# Quel logiciel pour voix et video pour communiquer avec des gens sur Windows ?



## newnew (18 Septembre 2005)

Salut,

J'ai telecharge le logiciel skype permettant la telephonie sur IP et on m'a conseille de telecharger la version vskype pour avoir egalement la video. Or,ce n'est pas compatible avec Mac. Est ce que vous savez quel logiciel permet de communiquer qvec des personnes qui sont sur Windows ? la video sur msn ne fonctionne pas non plus avec le mac ? 

merci de votre aide


----------



## jo_6466 (18 Septembre 2005)

newnew a dit:
			
		

> Salut,
> 
> J'ai telecharge le logiciel skype permettant la telephonie sur IP et on m'a conseille de telecharger la version vskype pour avoir egalement la video. Or,ce n'est pas compatible avec Mac.
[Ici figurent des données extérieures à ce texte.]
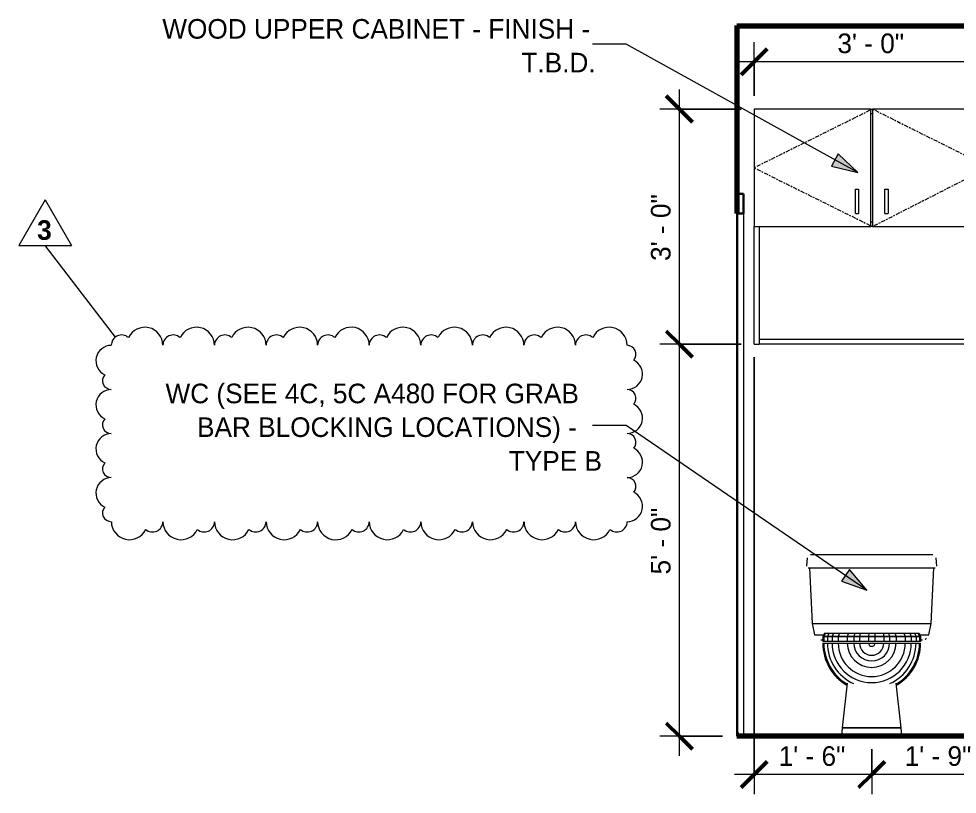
# Model space of a CAD drawing. Header units: inches. Extents: x -3862 to -1699, y -13 to 10420.
# Drawn here: x -2361.7 to -2218, y -8.9 to 109.8 of the extents above; entities that cross this region are included whole.
import ezdxf

# ---------------------------------------------------------------- set-up
doc = ezdxf.new("R2010")
doc.units = ezdxf.units.IN
doc.header["$MEASUREMENT"] = 0
doc.linetypes.add('Center', pattern=[1.25, 0.25, -0.1875, 0.625, -0.1875])
for name, color, linetype, lineweight in [('0-5', 130, 'Continuous', 5), ('A-ANNO-DIMS', 211, 'Continuous', 9), ('A-ANNO-DIMS-32', 211, 'Continuous', 9), ('A-DOOR-3', 31, 'Continuous', 9), ('A-DOOR-4', 31, 'Continuous', 30), ('A-DOOR-FRAM', 31, 'Continuous', 9), ('A-DOOR-FRAM-3', 31, 'Continuous', 30), ('A-FLOR-2', 7, 'Continuous', 70), ('A-WALL', 113, 'Continuous', 18), ('A-WALL-3', 113, 'Continuous', 70), ('G-ANNO-REVC', 71, 'Continuous', 20), ('G-ANNO-REVC-IDEN', 71, 'Continuous', 20), ('G-ANNO-REVC-IDEN-1', 71, 'Continuous', 9), ('G-ANNO-TEXT', 231, 'Continuous', 9), ('P-SANR-FIXT', 6, 'Continuous', 9), ('Q-CASE', 31, 'Continuous', 9), ('Q-CASE-2', 31, 'Center', 9)]:
    doc.layers.add(name, color=color, linetype=linetype, lineweight=lineweight)
doc.styles.add('Century Gothic', font='ufonts.com_century-gothic.ttf', dxfattribs={"height": 3})
doc.styles.add('Century Gothic_B', font='GOTHICB.TTF', dxfattribs={"height": 3})
doc.dimstyles.new('OD_1__HACK', dxfattribs={"dimscale": 12, "dimtxt": 3.132505, "dimasz": 0.333333, "dimexe": 0.25, "dimexo": 0.166667, "dimgap": 0.041667, "dimtad": 1, "dimdec": 0, "dimzin": 3, "dimdsep": 46, "dimlunit": 4, "dimtxsty": 'Century Gothic', "dimblk1": 'OBLIQUE', "dimblk2": 'OBLIQUE', "dimsah": 1, "dimcen": 0.09, "dimdle": 0.25, "dimazin": 0, "dimtfac": 1, "dimtdec": 4, "dimtix": 1, "dimtmove": 0, "dimatfit": 3, "dimfxl": 1, "dimtvp": 1, "dimtfill": 1, "dimfrac": 2, "dimtolj": 1, "dimtzin": 0, "dimarcsym": 2})
doc.dimstyles.new('OD_1__HACK_2', dxfattribs={"dimscale": 12, "dimtxt": 3.132505, "dimasz": 0.333333, "dimexe": 0.25, "dimexo": 0.166667, "dimgap": 0.041667, "dimtad": 1, "dimdec": 0, "dimzin": 3, "dimdsep": 46, "dimlunit": 4, "dimtxsty": 'Century Gothic', "dimblk1": 'OBLIQUE', "dimblk2": 'OBLIQUE', "dimsah": 1, "dimcen": 0.09, "dimdle": 0.25, "dimazin": 0, "dimtfac": 1, "dimtdec": 4, "dimtix": 1, "dimtmove": 0, "dimatfit": 3, "dimfxl": 1, "dimtvp": 1, "dimtfill": 1, "dimfrac": 2, "dimtolj": 1, "dimtzin": 0, "dimarcsym": 2})

# ---------------------------------------------------------------- blocks, each defined once
blk = doc.blocks.new('CTR - 1st Phase - Shell_rvt-5-1ST FLOOR - 2BD - ADA TYPE B - OPTION A - SINGLE BATH LAV WALL')
at = {"layer": 'A-FLOR-2'}
for p, q in [((2294.84, 108.75), (2384.07, 108.75)), ((2384.07, 0), (2294.84, 0))]:
    blk.add_line(p, q, dxfattribs=at)
blk = doc.blocks.new('Basic Wall _ INT - W4BØF - _5_8 GYP - 2X4 WOOD_BATT_ - 5_8 GYP_ - ___-2690297-1ST FLOOR - 2BD - ADA TYPE B - OPTION A - SINGLE BATH LAV WALL')
at = {"layer": 'A-WALL'}
for p, q in [((2294.9, 4), (2294.86, 4)), ((2294.98, 0.61), (2294.98, 3.92)), ((2295.21, 0), (2295.27, 0.11))]:
    blk.add_line(p, q, dxfattribs=at)
for centre, radius, start, end in [((2294.9, 3.92), 0.0822, 0, 90), ((2295.56, 0.61), 0.702, 180, 240), ((2295.56, 0.61), 0.577, 180, 240)]:
    blk.add_arc(centre, radius, start, end, dxfattribs=at)
blk = doc.blocks.new('Toilet-Domestic-3D - Toilet-Domestic-3D-3234795-1ST FLOOR - 2BD - ADA TYPE B - OPTION A - SINGLE BATH LAV WALL')
at = {"layer": 'P-SANR-FIXT'}
for p, q in [((2321.72, 27.75), (2309.22, 27.75)), ((2324.47, 27.72), (2324.47, 27.75)), ((2305.61, 27.29), (2305.49, 26.02)), ((2325.45, 26.02), (2325.34, 27.29)), ((2305.97, 25.75), (2306.36, 17.25)), ((2309.22, 25.75), (2321.72, 25.75)), ((2324.58, 17.25), (2324.97, 25.75)), ((2306.36, 17.25), (2306.72, 15.49)), ((2306.36, 17.25), (2309.22, 17.25)), ((2309.22, 17.25), (2321.72, 17.25)), ((2321.72, 17.25), (2324.58, 17.25)), ((2324.22, 15.49), (2324.58, 17.25)), ((2306.72, 15.49), (2308.08, 15.49)), ((2308.22, 15.75), (2307.97, 15.25)), ((2307.97, 15.25), (2308.14, 15.25)), ((2307.97, 15.25), (2307.97, 14.5)), ((2308.14, 15.24), (2307.97, 15.24)), ((2308.14, 14.5), (2307.97, 14.5)), ((2308.14, 15.25), (2308.68, 15.25)), ((2308.14, 15.25), (2308.14, 14.5)), ((2308.68, 15.24), (2308.14, 15.24)), ((2308.68, 14.5), (2308.14, 14.5)), ((2308.39, 15.75), (2308.15, 15.25)), ((2308.22, 15.75), (2308.39, 15.75)), ((2308.39, 15.75), (2308.92, 15.75)), ((2309.41, 15.24), (2308.68, 15.24)), ((2308.68, 15.24), (2308.68, 14.5)), ((2309.41, 14.5), (2308.68, 14.5)), ((2308.92, 15.75), (2308.69, 15.25)), ((2308.69, 15.25), (2309.41, 15.25)), ((2308.92, 15.75), (2309.64, 15.75)), ((2309.64, 15.75), (2309.41, 15.25)), ((2309.41, 15.25), (2310.34, 15.25)), ((2309.41, 15.25), (2309.41, 14.5)), ((2310.34, 15.24), (2309.41, 15.24)), ((2310.34, 14.5), (2309.41, 14.5)), ((2309.64, 15.75), (2310.56, 15.75)), ((2311.73, 15.24), (2310.34, 15.24)), ((2310.34, 15.24), (2310.34, 14.5)), ((2311.73, 14.5), (2310.34, 14.5)), ((2310.56, 15.75), (2310.35, 15.25)), ((2310.35, 15.25), (2311.73, 15.25)), ((2310.56, 15.75), (2311.92, 15.75)), ((2311.92, 15.75), (2311.73, 15.25)), ((2311.73, 15.25), (2312.73, 15.25)), ((2311.73, 15.25), (2311.73, 14.5)), ((2312.73, 15.24), (2311.73, 15.24)), ((2312.73, 14.5), (2311.73, 14.5)), ((2311.92, 15.75), (2312.88, 15.75)), ((2312.88, 15.75), (2312.73, 15.25)), ((2312.73, 15.25), (2313.6, 15.25)), ((2313.6, 15.24), (2312.73, 15.24)), ((2312.73, 15.24), (2312.73, 14.5)), ((2313.6, 14.5), (2312.73, 14.5)), ((2312.88, 15.75), (2313.7, 15.75)), ((2313.7, 15.75), (2313.6, 15.25)), ((2313.6, 15.25), (2314.97, 15.25)), ((2313.6, 15.25), (2313.6, 14.5)), ((2314.97, 15.24), (2313.6, 15.24)), ((2314.97, 14.5), (2313.6, 14.5)), ((2313.7, 15.75), (2315.01, 15.75)), ((2315.01, 15.75), (2314.97, 15.25)), ((2314.97, 15.25), (2315.97, 15.25)), ((2315.97, 15.24), (2314.97, 15.24)), ((2314.97, 15.24), (2314.97, 14.5)), ((2315.97, 14.5), (2314.97, 14.5)), ((2315.01, 15.75), (2315.93, 15.75)), ((2315.93, 15.75), (2317.24, 15.75)), ((2315.93, 15.75), (2315.97, 15.25)), ((2315.97, 15.25), (2317.34, 15.25)), ((2317.34, 15.24), (2315.97, 15.24)), ((2315.97, 15.24), (2315.97, 14.5)), ((2317.34, 14.5), (2315.97, 14.5)), ((2317.24, 15.75), (2318.06, 15.75)), ((2317.24, 15.75), (2317.34, 15.25)), ((2317.34, 15.25), (2318.21, 15.25)), ((2318.21, 15.24), (2317.34, 15.24)), ((2317.34, 15.24), (2317.34, 14.5)), ((2318.21, 14.5), (2317.34, 14.5)), ((2318.06, 15.75), (2319.02, 15.75)), ((2318.06, 15.75), (2318.21, 15.25)), ((2318.21, 15.25), (2319.21, 15.25)), ((2319.21, 15.24), (2318.21, 15.24)), ((2318.21, 15.24), (2318.21, 14.5)), ((2319.21, 14.5), (2318.21, 14.5)), ((2319.02, 15.75), (2320.38, 15.75)), ((2319.02, 15.75), (2319.21, 15.25)), ((2319.21, 15.25), (2320.6, 15.25)), ((2320.6, 15.24), (2319.21, 15.24)), ((2319.21, 15.24), (2319.21, 14.5)), ((2320.6, 14.5), (2319.21, 14.5)), ((2320.38, 15.75), (2321.3, 15.75)), ((2320.38, 15.75), (2320.6, 15.25)), ((2320.6, 15.25), (2321.53, 15.25)), ((2321.53, 15.24), (2320.6, 15.24)), ((2320.6, 15.24), (2320.6, 14.5)), ((2321.53, 14.5), (2320.6, 14.5)), ((2321.3, 15.75), (2322.02, 15.75)), ((2321.3, 15.75), (2321.53, 15.25)), ((2321.53, 15.25), (2322.26, 15.25)), ((2321.53, 15.25), (2321.53, 14.5)), ((2322.26, 15.24), (2321.53, 15.24)), ((2322.26, 14.5), (2321.53, 14.5)), ((2322.02, 15.75), (2322.55, 15.75)), ((2322.02, 15.75), (2322.26, 15.25)), ((2322.26, 15.25), (2322.79, 15.25)), ((2322.26, 15.25), (2322.26, 14.5)), ((2322.8, 15.24), (2322.26, 15.24)), ((2322.8, 14.5), (2322.26, 14.5)), ((2322.55, 15.75), (2322.72, 15.75)), ((2322.55, 15.75), (2322.79, 15.25)), ((2322.72, 15.75), (2322.97, 15.25)), ((2322.8, 15.25), (2322.97, 15.25)), ((2322.97, 15.24), (2322.8, 15.24)), ((2322.8, 15.24), (2322.8, 14.5)), ((2322.97, 14.5), (2322.8, 14.5)), ((2322.86, 15.49), (2324.22, 15.49)), ((2322.97, 15.25), (2322.97, 14.5)), ((2307.97, 14.25), (2308.14, 14.25)), ((2308.14, 14.25), (2308.68, 14.25)), ((2308.68, 14.25), (2309.41, 14.25)), ((2309.41, 14.25), (2310.34, 14.25)), ((2310.34, 14.25), (2311.73, 14.25)), ((2311.73, 14.25), (2312.73, 14.25)), ((2312.73, 14.25), (2313.6, 14.25)), ((2313.6, 14.25), (2314.97, 14.25)), ((2314.97, 14.25), (2315.47, 14.25)), ((2315.47, 14.25), (2315.97, 14.25)), ((2315.97, 14.25), (2317.34, 14.25)), ((2317.34, 14.25), (2318.21, 14.25)), ((2318.21, 14.25), (2319.21, 14.25)), ((2319.21, 14.25), (2320.6, 14.25)), ((2320.6, 14.25), (2321.53, 14.25)), ((2321.53, 14.25), (2322.26, 14.25)), ((2322.26, 14.25), (2322.8, 14.25)), ((2322.8, 14.25), (2322.97, 14.25)), ((2311.72, 8.12), (2310.97, 1.25)), ((2312.6, 8.12), (2312.58, 8.12)), ((2318.36, 8.12), (2318.34, 8.12)), ((2319.97, 1.25), (2319.22, 8.12)), ((2310.97, 1.25), (2310.83, 0)), ((2311.19, 1.25), (2310.97, 1.25)), ((2310.97, 1.25), (2311.19, 1.25)), ((2311.83, 1.25), (2311.19, 1.25)), ((2311.19, 1.25), (2315.47, 1.25)), ((2312.83, 1.25), (2311.83, 1.25)), ((2314.08, 1.25), (2312.83, 1.25)), ((2315.47, 1.25), (2314.08, 1.25)), ((2316.86, 1.25), (2315.47, 1.25)), ((2315.47, 1.25), (2316.86, 1.25)), ((2318.12, 1.25), (2316.86, 1.25)), ((2316.86, 1.25), (2318.12, 1.25)), ((2319.11, 1.25), (2318.12, 1.25)), ((2318.12, 1.25), (2319.11, 1.25)), ((2319.75, 1.25), (2319.11, 1.25)), ((2319.11, 1.25), (2319.75, 1.25)), ((2319.97, 1.25), (2319.75, 1.25)), ((2319.75, 1.25), (2319.97, 1.25)), ((2320.11, 0), (2319.97, 1.25))]:
    blk.add_line(p, q, dxfattribs=at)
at = {"layer": 'P-SANR-FIXT', "flags": 128}
for points in [[(2309.22, 27.75), (2309.1, 27.75), (2308.97, 27.75), (2308.85, 27.75), (2308.72, 27.75), (2308.6, 27.75), (2308.48, 27.75), (2308.36, 27.75), (2308.24, 27.75), (2308.12, 27.75), (2308.01, 27.75), (2307.89, 27.75), (2307.78, 27.75), (2307.67, 27.75), (2307.57, 27.75), (2307.46, 27.75), (2307.36, 27.75), (2307.26, 27.75), (2307.17, 27.75), (2307.07, 27.75), (2306.98, 27.75), (2306.9, 27.75), (2306.82, 27.75), (2306.74, 27.75), (2306.67, 27.75), (2306.6, 27.75), (2306.53, 27.75), (2306.47, 27.75), (2306.42, 27.75), (2306.36, 27.75), (2306.32, 27.75), (2306.27, 27.75), (2306.23, 27.75), (2306.2, 27.75), (2306.17, 27.75), (2306.15, 27.75), (2306.13, 27.75), (2306.12, 27.75), (2306.11, 27.75), (2306.1, 27.75), (2306.1, 27.75)], [(2324.84, 27.75), (2324.84, 27.75), (2324.83, 27.75), (2324.82, 27.75), (2324.8, 27.75), (2324.78, 27.75), (2324.75, 27.75), (2324.72, 27.75), (2324.68, 27.75), (2324.64, 27.75), (2324.59, 27.75), (2324.54, 27.75), (2324.49, 27.75), (2324.43, 27.75), (2324.36, 27.75), (2324.29, 27.75), (2324.22, 27.75), (2324.14, 27.75), (2324.06, 27.75), (2323.98, 27.75), (2323.89, 27.75), (2323.8, 27.75), (2323.71, 27.75), (2323.61, 27.75), (2323.51, 27.75), (2323.4, 27.75), (2323.3, 27.75), (2323.19, 27.75), (2323.08, 27.75), (2322.97, 27.75), (2322.85, 27.75), (2322.73, 27.75), (2322.61, 27.75), (2322.49, 27.75), (2322.37, 27.75), (2322.25, 27.75), (2322.13, 27.75), (2322, 27.75), (2321.88, 27.75), (2321.75, 27.75), (2321.72, 27.75)], [(2305.74, 25.75), (2305.75, 25.75), (2305.75, 25.75), (2305.77, 25.75), (2305.79, 25.75), (2305.81, 25.75), (2305.84, 25.75), (2305.88, 25.75), (2305.92, 25.75), (2305.97, 25.75), (2306.02, 25.75), (2306.07, 25.75), (2306.14, 25.75), (2306.2, 25.75), (2306.27, 25.75), (2306.35, 25.75), (2306.43, 25.75), (2306.52, 25.75), (2306.61, 25.75), (2306.7, 25.75), (2306.8, 25.75), (2306.9, 25.75), (2307.01, 25.75), (2307.11, 25.75), (2307.23, 25.75), (2307.34, 25.75), (2307.46, 25.75), (2307.58, 25.75), (2307.71, 25.75), (2307.83, 25.75), (2307.96, 25.75), (2308.09, 25.75), (2308.22, 25.75), (2308.36, 25.75), (2308.49, 25.75), (2308.63, 25.75), (2308.77, 25.75), (2308.91, 25.75), (2309.04, 25.75), (2309.18, 25.75), (2309.22, 25.75)], [(2321.72, 25.75), (2321.86, 25.75), (2322, 25.75), (2322.14, 25.75), (2322.27, 25.75), (2322.41, 25.75), (2322.55, 25.75), (2322.68, 25.75), (2322.81, 25.75), (2322.95, 25.75), (2323.07, 25.75), (2323.2, 25.75), (2323.33, 25.75), (2323.45, 25.75), (2323.57, 25.75), (2323.68, 25.75), (2323.8, 25.75), (2323.91, 25.75), (2324.01, 25.75), (2324.12, 25.75), (2324.22, 25.75), (2324.31, 25.75), (2324.4, 25.75), (2324.49, 25.75), (2324.57, 25.75), (2324.65, 25.75), (2324.72, 25.75), (2324.79, 25.75), (2324.85, 25.75), (2324.91, 25.75), (2324.96, 25.75), (2325.01, 25.75), (2325.05, 25.75), (2325.09, 25.75), (2325.12, 25.75), (2325.15, 25.75), (2325.17, 25.75), (2325.18, 25.75), (2325.19, 25.75), (2325.2, 25.75), (2325.2, 25.75)], [(2307.68, 14.75), (2307.68, 14.75), (2307.69, 14.75), (2307.69, 14.75), (2307.7, 14.75), (2307.71, 14.75), (2307.73, 14.75), (2307.74, 14.75), (2307.76, 14.75), (2307.78, 14.75), (2307.8, 14.75), (2307.83, 14.75), (2307.86, 14.75), (2307.89, 14.75), (2307.92, 14.75), (2307.95, 14.75), (2307.97, 14.75)], [(2322.98, 14.75), (2323.01, 14.75), (2323.05, 14.75), (2323.08, 14.75), (2323.1, 14.75), (2323.13, 14.75), (2323.15, 14.75), (2323.18, 14.75), (2323.19, 14.75), (2323.21, 14.75), (2323.22, 14.75), (2323.24, 14.75), (2323.25, 14.75), (2323.25, 14.75), (2323.26, 14.75), (2323.26, 14.75), (2323.26, 14.75)]]:
    blk.add_lwpolyline(points, dxfattribs=at)
at = {"layer": 'P-SANR-FIXT'}
for radius, start, end in [(7.5, 180, 239.5183), (7.33, 180, 239.6408), (6.79, 180, 245.7328), (6.06, 180, 360), (5.13, 180, 360), (3.74, 180, 360), (2.74, 180, 360), (1.87, 180, 360), (0.5, 180, 360), (6.79, 294.2672, 360), (7.33, 300.3592, 360), (7.5, 300.4817, 360)]:
    blk.add_arc((2315.47, 14.25), radius, start, end, dxfattribs=at)
blk.add_open_spline([(2323.68, 14.84), (2323.71, 14.86), (2323.78, 14.89), (2323.84, 14.93), (2323.87, 14.96)], degree=3, dxfattribs=at)
blk = doc.blocks.new('SWING - SINGLE - FLUSH - 2-10 x 6-8 - PRIVACY-3199407-1ST FLOOR - 2BD - ADA TYPE B - OPTION A - SINGLE BATH LAV WALL')
at = {"layer": 'A-DOOR-4'}
for p, q in [((2294.86, 80), (2294.84, 80)), ((2294.86, 0), (2294.86, 80)), ((2294.84, 0), (2294.86, 0))]:
    blk.add_line(p, q, dxfattribs=at)
at = {"layer": 'A-DOOR-FRAM'}
blk.add_line((2295.86, 80), (2295.86, 0), dxfattribs=at)
at = {"layer": 'A-DOOR-FRAM-3'}
for p, q in [((2295.86, 83), (2294.86, 83)), ((2294.86, 83), (2294.86, 80)), ((2295.86, 80), (2295.86, 83)), ((2294.86, 80), (2295.86, 80))]:
    blk.add_line(p, q, dxfattribs=at)
blk = doc.blocks.new('300 Series Wall Hung Cabinet_326 - 36_-2909953-1ST FLOOR - 2BD - ADA TYPE B - OPTION A - SINGLE BATH LAV WALL')
at = {"layer": 'Q-CASE'}
for p, q in [((2315.35, 96), (2297.47, 96)), ((2297.47, 96), (2297.47, 78)), ((2315.35, 78), (2315.35, 96)), ((2315.35, 96), (2315.6, 96)), ((2315.6, 95.25), (2315.35, 95.25)), ((2333.47, 96), (2315.6, 96)), ((2315.6, 96), (2315.6, 78)), ((2333.47, 78), (2333.47, 96)), ((2312.98, 83.75), (2313.47, 83.75)), ((2312.98, 80), (2312.98, 83.75)), ((2313.47, 83.75), (2313.47, 80)), ((2317.48, 83.75), (2317.97, 83.75)), ((2317.48, 80), (2317.48, 83.75)), ((2317.97, 83.75), (2317.97, 80)), ((2312.98, 80), (2313.47, 80)), ((2317.48, 80), (2317.97, 80)), ((2297.47, 78), (2315.35, 78)), ((2297.47, 60), (2297.47, 78)), ((2298.22, 78), (2298.22, 60)), ((2315.35, 78.75), (2315.6, 78.75)), ((2315.6, 78), (2315.35, 78)), ((2315.6, 78), (2333.47, 78)), ((2332.72, 60), (2332.72, 78)), ((2333.47, 78), (2333.47, 60)), ((2298.22, 60.75), (2332.72, 60.75)), ((2298.22, 60.75), (2298.22, 60)), ((2332.72, 60), (2332.72, 60.75)), ((2297.47, 60), (2298.22, 60)), ((2332.72, 60), (2298.22, 60)), ((2332.72, 60), (2333.47, 60))]:
    blk.add_line(p, q, dxfattribs=at)
at = {"layer": 'Q-CASE-2'}
for p, q in [((2315.6, 96), (2297.47, 87)), ((2315.6, 96), (2333.47, 87.08)), ((2297.47, 87), (2315.6, 78)), ((2333.47, 87.08), (2315.6, 78))]:
    blk.add_line(p, q, dxfattribs=at)
blk = doc.blocks.new('DIMBLOCK98-1ST FLOOR - 2BD - ADA TYPE B - OPTION A - SINGLE BATH LAV WALL')
at = {"layer": 'A-ANNO-DIMS-32', "lineweight": 50}
for p, q in [((-2260.54, 60), (-2262.54, 62)), ((-2260.54, 60), (-2258.54, 58)), ((-2260.54, 0), (-2262.54, 2)), ((-2260.54, 0), (-2258.54, -2))]:
    blk.add_line(p, q, dxfattribs=at)
at = {"layer": 'A-ANNO-DIMS-32'}
for p, q in [((-2251.08, 60), (-2263.54, 60)), ((-2260.54, -3), (-2260.54, 60)), ((-2260.54, 60), (-2251.08, 60)), ((-2253.94, 0), (-2263.54, 0)), ((-2260.54, 0), (-2253.94, 0))]:
    blk.add_line(p, q, dxfattribs=at)
at = {"layer": 'A-ANNO-DIMS-32', "color": 0, "insert": (-2264.89, 24.75), "char_height": 3, "width": 12.5897, "attachment_point": 1, "rotation": 90, "line_spacing_factor": 0.984502, "style": 'Century Gothic', "bg_fill": 3, "box_fill_scale": 1.25, "bg_fill_color": 256, "bg_fill_true_color": 13158600, "bg_fill_transparency": 0}
blk.add_mtext('5\' - 0"', dxfattribs=at)
blk = doc.blocks.new('_Oblique')
at = {"color": 0, "linetype": 'ByBlock', "lineweight": -2}
blk.add_line((-0.5, -0.5), (0.5, 0.5), dxfattribs=at)
blk = doc.blocks.new('DIMBLOCK99-1ST FLOOR - 2BD - ADA TYPE B - OPTION A - SINGLE BATH LAV WALL')
at = {"layer": 'A-ANNO-DIMS-32', "lineweight": 50}
for p, q in [((-2260.54, 96), (-2262.54, 98)), ((-2260.54, 96), (-2258.54, 94)), ((-2260.54, 60), (-2262.54, 62)), ((-2260.54, 60), (-2258.54, 58))]:
    blk.add_line(p, q, dxfattribs=at)
at = {"layer": 'A-ANNO-DIMS-32'}
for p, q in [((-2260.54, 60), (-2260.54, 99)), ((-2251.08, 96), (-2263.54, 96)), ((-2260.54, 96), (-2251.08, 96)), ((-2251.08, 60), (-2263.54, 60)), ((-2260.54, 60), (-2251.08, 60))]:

Est ce que vous savez quel logiciel permet de communiquer qvec des personnes qui sont sur Windows ? la video sur msn ne fonctionne pas non plus avec le mac ?
> 
> merci de votre aide


pour ma part j'utilise Mercury dans sa version 1710 B04 diponible ici  http://70.25.151.230/mercury/beta/
il permet l'échange audio/video entre un pc et un mac


----------



## newnew (18 Septembre 2005)

et la personne sur windows doit telecharger la meme version ?


----------



## jo_6466 (18 Septembre 2005)

newnew a dit:
			
		

> et la personne sur windows doit telecharger la meme version ?


non ... elle peut utiliser messenger de windows ...


----------



## jean-lou (19 Septembre 2005)

Sinon y a SkyPe  qui est tres bien aussi

JEanlOu


----------